Remember: Everything's clickable.
Rank
The result's order, from 1 through N. Results are sorted in reverse chronological order for all searches except those that specify a related:: modifier.
Event
The text of the event itself.
Event Type (Tags)
The event's signature pattern of segments. A value of the form ?34 is assigned by the server while loading the data. Users may replace these values with one or more tags entered locally or found through the Look up Event feature. See the section on Event Types and Tags for details and instructions.
Look Up Event
Click this link to look up the current event's event type in Splunk's online community database of documented event types. See the section on Event Types and Tags for details and instructions.
Timestamp
Splunk extracts a timestamp from every event it indexes, or else assigns it one based on its load time. Splunk timestamps are normalized to a standard format and the Splunk host's time zone. You'll still be able to see the original timestamp in your event as well, but Splunk timestamps make searching and sorting easy.
Similar
Click this link to add, remove, or search for events whose event type is somewhat like the current event. Note that Splunk adds a specially formatted eventtype meta data value to your search.
You can edit the final integer to be anywhere from 1 (very similar) to 4 (remotely similar.)
Related
Click this link to add, remove, or search for events with one or more segment values (e.g. 404 or joeuser) that match values in the current event. Note that Splunk adds a specially formatted related modifier to your search.
You cannot modify this term.
Source Type
In the same way it assigns event types to individual events, the server also assigns unique values to each different type of input stream. These values are local to the index. You can rename them to be meaningful, e.g. "cisco_syslog".
Host
The host that generated the event. To prevent errors Splunk doesn't try to deduce host automatically as it does timestamps. The value must be explicitly configured by the system administrator. See the Splunk Admin Manual section on How to Load Your Data for instructions and examples of setting the host value.
Source
The name of the file or stream from which the event was loaded.
Show Source
Click this link if you need the full content of an event. Your browser will pop up a new window (be sure you haven't blocked it) with the original raw data for the event. The popup window has forward/backward arrows so you can step through the original source stream, e.g. a series of maillog events loaded from the same file.
Tabs
Splunk's tabbed results group the results of the current search by the meta data present in each result, sorted in descending order of frequency.
Events
The list of individual events sorted by timestamp, most recent first. Click on any part of the event as described in Search Results above to add, remove, or search for specific values displayed in the results.
Event Types
The list of unique event types found in the search results, sorted in descending order of frequency. Click on an eventtype to add, remove, or search for it.
Tags
The list of unique tags found in the search results, sorted in descending order of frequency.
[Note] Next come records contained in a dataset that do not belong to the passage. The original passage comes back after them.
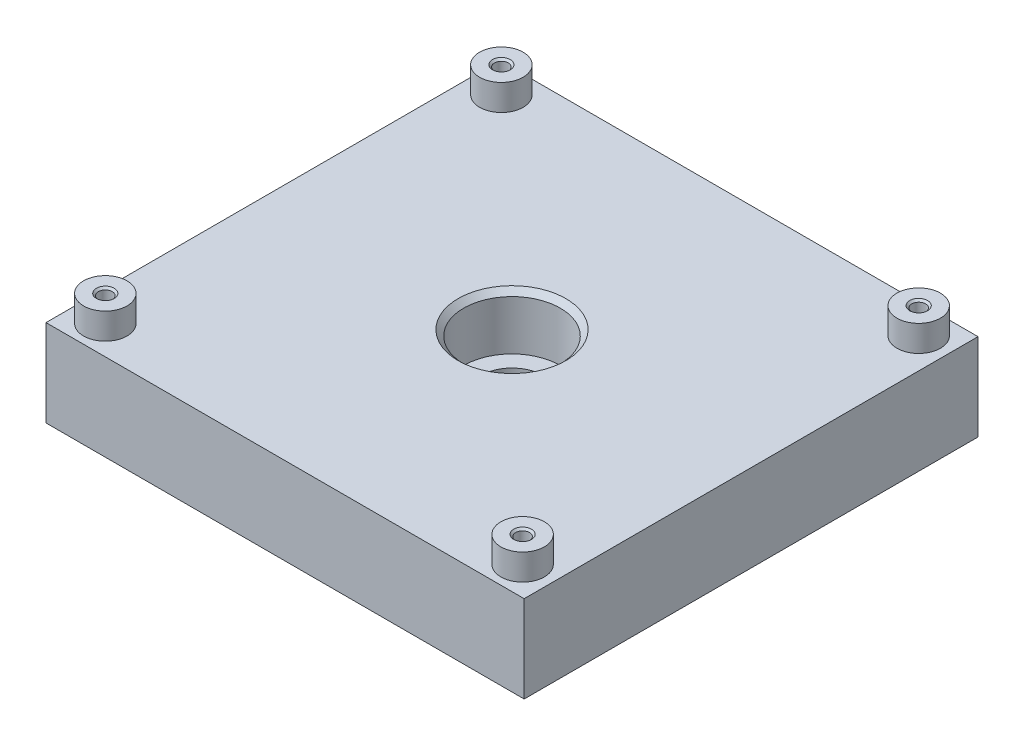
ISO-10303-21;
HEADER;
FILE_DESCRIPTION(('STEP AP214'),'2;1');
FILE_NAME('part.step','',(''),(''),'','','');
FILE_SCHEMA(('AUTOMOTIVE_DESIGN { 1 0 10303 214 1 1 1 1 }'));
ENDSEC;
DATA;
#1=APPLICATION_CONTEXT('core data for automotive mechanical design processes');
#2=APPLICATION_PROTOCOL_DEFINITION('international standard','automotive_design',2000,#1);
#3=PRODUCT_CONTEXT('',#1,'mechanical');
#4=PRODUCT('Part','Part','',(#3));
#5=PRODUCT_RELATED_PRODUCT_CATEGORY('part','',(#4));
#6=PRODUCT_DEFINITION_FORMATION('','',#4);
#7=PRODUCT_DEFINITION_CONTEXT('part definition',#1,'design');
#8=PRODUCT_DEFINITION('design','',#6,#7);
#9=PRODUCT_DEFINITION_SHAPE('','',#8);
#10=(LENGTH_UNIT() NAMED_UNIT(*) SI_UNIT(.MILLI.,.METRE.));
#11=(NAMED_UNIT(*) PLANE_ANGLE_UNIT() SI_UNIT($,.RADIAN.));
#12=(NAMED_UNIT(*) SI_UNIT($,.STERADIAN.) SOLID_ANGLE_UNIT());
#13=UNCERTAINTY_MEASURE_WITH_UNIT(LENGTH_MEASURE(1.E-05),#10,'distance_accuracy_value','');
#14=(GEOMETRIC_REPRESENTATION_CONTEXT(3) GLOBAL_UNCERTAINTY_ASSIGNED_CONTEXT((#13)) GLOBAL_UNIT_ASSIGNED_CONTEXT((#10,
#11,#12)) REPRESENTATION_CONTEXT('',''));
#15=CARTESIAN_POINT('',(0.,0.,0.));
#16=DIRECTION('',(0.,0.,1.));
#17=DIRECTION('',(1.,0.,0.));
#18=AXIS2_PLACEMENT_3D('',#15,#16,#17);
#19=CARTESIAN_POINT('',(27.5,10.,-26.1));
#20=DIRECTION('',(-1.,0.,0.));
#21=DIRECTION('',(0.,0.,1.));
#22=AXIS2_PLACEMENT_3D('',#19,#20,#21);
#23=PLANE('',#22);
#24=DIRECTION('',(0.,0.,-1.));
#25=VECTOR('',#24,1.);
#26=CARTESIAN_POINT('',(27.5,0.,-26.1));
#27=LINE('',#26,#25);
#28=CARTESIAN_POINT('',(27.5,0.,26.1));
#29=VERTEX_POINT('',#28);
#30=CARTESIAN_POINT('',(27.5,0.,-26.1));
#31=VERTEX_POINT('',#30);
#32=EDGE_CURVE('E111',#29,#31,#27,.T.);
#33=ORIENTED_EDGE('',*,*,#32,.T.);
#34=DIRECTION('',(0.,-1.,0.));
#35=VECTOR('',#34,1.);
#36=CARTESIAN_POINT('',(27.5,10.,-26.1));
#37=LINE('',#36,#35);
#38=CARTESIAN_POINT('',(27.5,10.,-26.1));
#39=VERTEX_POINT('',#38);
#40=EDGE_CURVE('E11',#39,#31,#37,.T.);
#41=ORIENTED_EDGE('',*,*,#40,.F.);
#42=DIRECTION('',(0.,0.,-1.));
#43=VECTOR('',#42,1.);
#44=CARTESIAN_POINT('',(27.5,10.,-26.1));
#45=LINE('',#44,#43);
#46=CARTESIAN_POINT('',(27.5,10.,26.1));
#47=VERTEX_POINT('',#46);
#48=EDGE_CURVE('E95',#47,#39,#45,.T.);
#49=ORIENTED_EDGE('',*,*,#48,.F.);
#50=DIRECTION('',(0.,-1.,0.));
#51=VECTOR('',#50,1.);
#52=CARTESIAN_POINT('',(27.5,10.,26.1));
#53=LINE('',#52,#51);
#54=EDGE_CURVE('E107',#47,#29,#53,.T.);
#55=ORIENTED_EDGE('',*,*,#54,.T.);
#56=EDGE_LOOP('',(#33,#41,#49,#55));
#57=FACE_BOUND('',#56,.T.);
#58=ADVANCED_FACE('F43',(#57),#23,.F.);
#59=CARTESIAN_POINT('',(-27.5,10.,-26.1));
#60=DIRECTION('',(0.,0.,1.));
#61=DIRECTION('',(1.,0.,0.));
#62=AXIS2_PLACEMENT_3D('',#59,#60,#61);
#63=PLANE('',#62);
#64=DIRECTION('',(-1.,0.,0.));
#65=VECTOR('',#64,1.);
#66=CARTESIAN_POINT('',(-27.5,0.,-26.1));
#67=LINE('',#66,#65);
#68=CARTESIAN_POINT('',(-27.5,0.,-26.1));
#69=VERTEX_POINT('',#68);
#70=EDGE_CURVE('E100',#31,#69,#67,.T.);
#71=ORIENTED_EDGE('',*,*,#70,.T.);
#72=DIRECTION('',(0.,-1.,0.));
#73=VECTOR('',#72,1.);
#74=CARTESIAN_POINT('',(-27.5,10.,-26.1));
#75=LINE('',#74,#73);
#76=CARTESIAN_POINT('',(-27.5,10.,-26.1));
#77=VERTEX_POINT('',#76);
#78=EDGE_CURVE('E52',#77,#69,#75,.T.);
#79=ORIENTED_EDGE('',*,*,#78,.F.);
#80=DIRECTION('',(-1.,0.,0.));
#81=VECTOR('',#80,1.);
#82=CARTESIAN_POINT('',(-27.5,10.,-26.1));
#83=LINE('',#82,#81);
#84=EDGE_CURVE('E90',#39,#77,#83,.T.);
#85=ORIENTED_EDGE('',*,*,#84,.F.);
#86=ORIENTED_EDGE('',*,*,#40,.T.);
#87=EDGE_LOOP('',(#71,#79,#85,#86));
#88=FACE_BOUND('',#87,.T.);
#89=ADVANCED_FACE('F99',(#88),#63,.F.);
#90=CARTESIAN_POINT('',(-27.5,10.,-26.1));
#91=DIRECTION('',(1.,0.,0.));
#92=DIRECTION('',(0.,0.,-1.));
#93=AXIS2_PLACEMENT_3D('',#90,#91,#92);
#94=PLANE('',#93);
#95=DIRECTION('',(0.,0.,1.));
#96=VECTOR('',#95,1.);
#97=CARTESIAN_POINT('',(-27.5,0.,-26.1));
#98=LINE('',#97,#96);
#99=CARTESIAN_POINT('',(-27.5,0.,26.1));
#100=VERTEX_POINT('',#99);
#101=EDGE_CURVE('E77',#69,#100,#98,.T.);
#102=ORIENTED_EDGE('',*,*,#101,.T.);
#103=DIRECTION('',(0.,-1.,0.));
#104=VECTOR('',#103,1.);
#105=CARTESIAN_POINT('',(-27.5,10.,26.1));
#106=LINE('',#105,#104);
#107=CARTESIAN_POINT('',(-27.5,10.,26.1));
#108=VERTEX_POINT('',#107);
#109=EDGE_CURVE('E102',#108,#100,#106,.T.);
#110=ORIENTED_EDGE('',*,*,#109,.F.);
#111=DIRECTION('',(0.,0.,1.));
#112=VECTOR('',#111,1.);
#113=CARTESIAN_POINT('',(-27.5,10.,-26.1));
#114=LINE('',#113,#112);
#115=EDGE_CURVE('E93',#77,#108,#114,.T.);
#116=ORIENTED_EDGE('',*,*,#115,.F.);
#117=ORIENTED_EDGE('',*,*,#78,.T.);
#118=EDGE_LOOP('',(#102,#110,#116,#117));
#119=FACE_BOUND('',#118,.T.);
#120=ADVANCED_FACE('F103',(#119),#94,.F.);
#121=CARTESIAN_POINT('',(-27.5,10.,26.1));
#122=DIRECTION('',(0.,0.,-1.));
#123=DIRECTION('',(-1.,0.,0.));
#124=AXIS2_PLACEMENT_3D('',#121,#122,#123);
#125=PLANE('',#124);
#126=DIRECTION('',(1.,0.,0.));
#127=VECTOR('',#126,1.);
#128=CARTESIAN_POINT('',(-27.5,0.,26.1));
#129=LINE('',#128,#127);
#130=EDGE_CURVE('E83',#100,#29,#129,.T.);
#131=ORIENTED_EDGE('',*,*,#130,.T.);
#132=ORIENTED_EDGE('',*,*,#54,.F.);
#133=DIRECTION('',(1.,0.,0.));
#134=VECTOR('',#133,1.);
#135=CARTESIAN_POINT('',(-27.5,10.,26.1));
#136=LINE('',#135,#134);
#137=EDGE_CURVE('E60',#108,#47,#136,.T.);
#138=ORIENTED_EDGE('',*,*,#137,.F.);
#139=ORIENTED_EDGE('',*,*,#109,.T.);
#140=EDGE_LOOP('',(#131,#132,#138,#139));
#141=FACE_BOUND('',#140,.T.);
#142=ADVANCED_FACE('F125',(#141),#125,.F.);
#143=CARTESIAN_POINT('',(0.,10.,0.));
#144=DIRECTION('',(0.,1.,0.));
#145=DIRECTION('',(0.,0.,1.));
#146=AXIS2_PLACEMENT_3D('',#143,#144,#145);
#147=PLANE('',#146);
#148=CARTESIAN_POINT('',(24.,10.,22.7781818181818));
#149=DIRECTION('',(0.,1.,0.));
#150=DIRECTION('',(0.,0.,1.));
#151=AXIS2_PLACEMENT_3D('',#148,#149,#150);
#152=CIRCLE('',#151,2.5);
#153=CARTESIAN_POINT('',(24.,10.,25.2781818181818));
#154=VERTEX_POINT('',#153);
#155=EDGE_CURVE('E176',#154,#154,#152,.T.);
#156=ORIENTED_EDGE('',*,*,#155,.F.);
#157=EDGE_LOOP('',(#156));
#158=FACE_BOUND('',#157,.T.);
#159=CARTESIAN_POINT('',(-24.,10.,22.7781818181818));
#160=DIRECTION('',(0.,1.,0.));
#161=DIRECTION('',(0.,0.,1.));
#162=AXIS2_PLACEMENT_3D('',#159,#160,#161);
#163=CIRCLE('',#162,2.5);
#164=CARTESIAN_POINT('',(-24.,10.,25.2781818181818));
#165=VERTEX_POINT('',#164);
#166=EDGE_CURVE('E168',#165,#165,#163,.T.);
#167=ORIENTED_EDGE('',*,*,#166,.F.);
#168=EDGE_LOOP('',(#167));
#169=FACE_BOUND('',#168,.T.);
#170=CARTESIAN_POINT('',(24.,10.,-22.7781818181818));
#171=DIRECTION('',(0.,1.,0.));
#172=DIRECTION('',(0.,0.,1.));
#173=AXIS2_PLACEMENT_3D('',#170,#171,#172);
#174=CIRCLE('',#173,2.5);
#175=CARTESIAN_POINT('',(24.,10.,-20.2781818181818));
#176=VERTEX_POINT('',#175);
#177=EDGE_CURVE('E160',#176,#176,#174,.T.);
#178=ORIENTED_EDGE('',*,*,#177,.F.);
#179=EDGE_LOOP('',(#178));
#180=FACE_BOUND('',#179,.T.);
#181=CARTESIAN_POINT('',(-24.,10.,-22.7781818181818));
#182=DIRECTION('',(0.,1.,0.));
#183=DIRECTION('',(0.,0.,1.));
#184=AXIS2_PLACEMENT_3D('',#181,#182,#183);
#185=CIRCLE('',#184,2.5);
#186=CARTESIAN_POINT('',(-24.,10.,-20.2781818181818));
#187=VERTEX_POINT('',#186);
#188=EDGE_CURVE('E152',#187,#187,#185,.T.);
#189=ORIENTED_EDGE('',*,*,#188,.F.);
#190=EDGE_LOOP('',(#189));
#191=FACE_BOUND('',#190,.T.);
#192=CARTESIAN_POINT('',(0.,10.,0.));
#193=DIRECTION('',(0.,1.,0.));
#194=DIRECTION('',(0.,0.,1.));
#195=AXIS2_PLACEMENT_3D('',#192,#193,#194);
#196=CIRCLE('',#195,6.19125);
#197=CARTESIAN_POINT('',(0.,10.,6.19125));
#198=VERTEX_POINT('',#197);
#199=EDGE_CURVE('E147',#198,#198,#196,.T.);
#200=ORIENTED_EDGE('',*,*,#199,.F.);
#201=EDGE_LOOP('',(#200));
#202=FACE_BOUND('',#201,.T.);
#203=ORIENTED_EDGE('',*,*,#48,.T.);
#204=ORIENTED_EDGE('',*,*,#84,.T.);
#205=ORIENTED_EDGE('',*,*,#115,.T.);
#206=ORIENTED_EDGE('',*,*,#137,.T.);
#207=EDGE_LOOP('',(#203,#204,#205,#206));
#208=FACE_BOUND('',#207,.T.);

Click on a tag to add, remove, or search for it.
Source Types
The list of recognized, unrecognized, and user-edited source types in descending order of frequency. Click on a source type to search for it.
Hosts
The list of unique hosts found in the search results, sorted in descending order of frequency. Click on a host value to add, remove, or search for it.
Sources
The list of unique sources found in the search results, sorted in descending order of frequency. Click on a source value to add, remove, or search for it.
Showing __ per page
You can set the interface to show 5, 10, 20, or 50 results on each page.